Anna Barbarzak is a Polish civil servant and diplomat who served as an ambassador to Greece from 2016 to 2019.

== Education ==
Barbarzak studied international economic relations at the SGH Warsaw School of Economics. She was studying also international security at the Geneva Centre for Security Policy.

==Career==
In 2001, she began her career at the Ministry of Foreign Affairs. Between 2006 and 2007 she was working as a Third Secretary at the Permanent Mission of the Republic of Poland to the United Nations Office in Geneva. From 2007 to 2011 she was Second and First Secretary at the Embassy in Washington, being responsible for economic, climate and energy issues. Afterwards, she was heading the unit at the Minister's secretary. In 2013, she became deputy director, and later director of the Department of Economic Cooperation, being in charge of, among other, coordinating cooperation with OECD, IMF, UNCTAD, EBRD, EIB.

In October 2015, Barbarzak was nominated as Poland's ambassador to Greece. She presented her letter of credence on 21 January 2016. During her time as ambassador she increased cooperation between the Polish and Greek shipbuilding industries.

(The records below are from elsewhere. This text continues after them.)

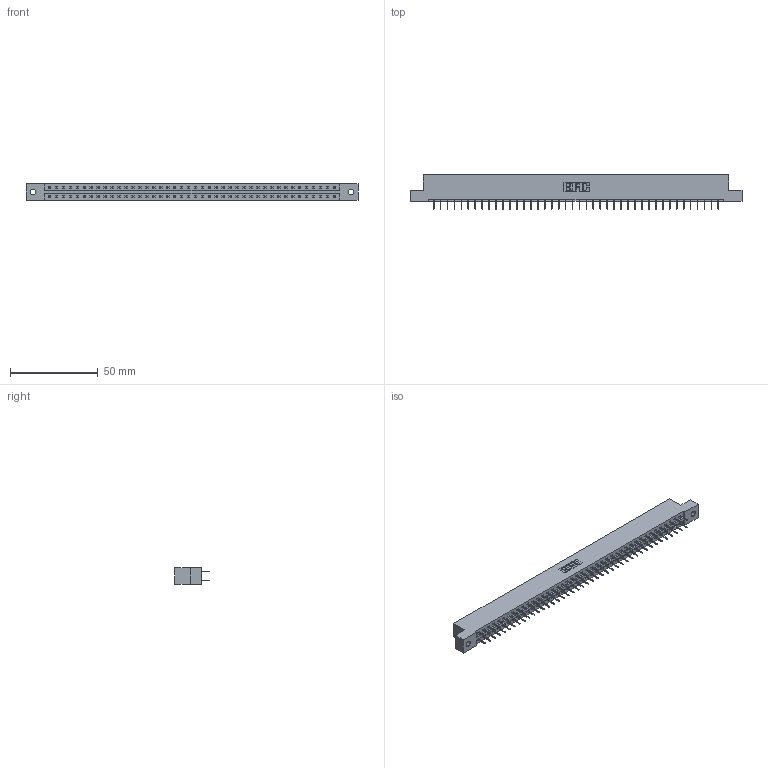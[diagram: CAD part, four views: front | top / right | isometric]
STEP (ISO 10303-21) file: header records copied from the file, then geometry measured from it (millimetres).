
FILE_DESCRIPTION (( 'STEP AP203' ), '1' );
FILE_NAME ('337-084-524-202.STEP', '2019-10-10T13:52:29', ( '' ), ( '' ), 'SwSTEP 2.0', 'SolidWorks 2016', '' );
FILE_SCHEMA (( 'CONFIG_CONTROL_DESIGN' ));
Length unit declared in the file: inch
Products named in the file (3): 337-084-524-202; 345-292-001_345-293-124; 337 Part_Flush Mounting Lugs - 0.128 Dia
Assembly tree (85 placements, depth 2):
  337-084-524-202
    337 Part_Flush Mounting Lugs - 0.128 Dia
    345-292-001_345-293-124  x84
Bounding box: 189.43 x 19.69 x 9.4 mm (x, y, z)
Volume: 19800.2 mm3; surface area: 21717.7 mm2
Topology: 85 solids, 85 shells, 4986 faces, 14171 edges, 9110 vertices
Faces by surface type: plane 3766, cylinder 1220
Entity records: 32641 total; most frequent: CARTESIAN_POINT 5498, ORIENTED_EDGE 5434, DIRECTION 4677, EDGE_CURVE 2717, LINE 2593, VECTOR 2593, VERTEX_POINT 1806, AXIS2_PLACEMENT_3D 1042

She also attempted to expand the tourism cooperation between the two countries by pushing new promotional initiatives. She ended her term in 2019.

From 2023 to 2024, Barbarzak was Minister-Counsellor for the World Intellectual Property Organization at the Polish mission to the UN. Since 2024 she has been Minister Plenipotentiary for the World Intellectual Property Organization, CERN, and the International Telecommunication Union.

==Personal life==
Besides Polish, Barbarzak speaks English and Russian languages. She is married to Wojciech Flera.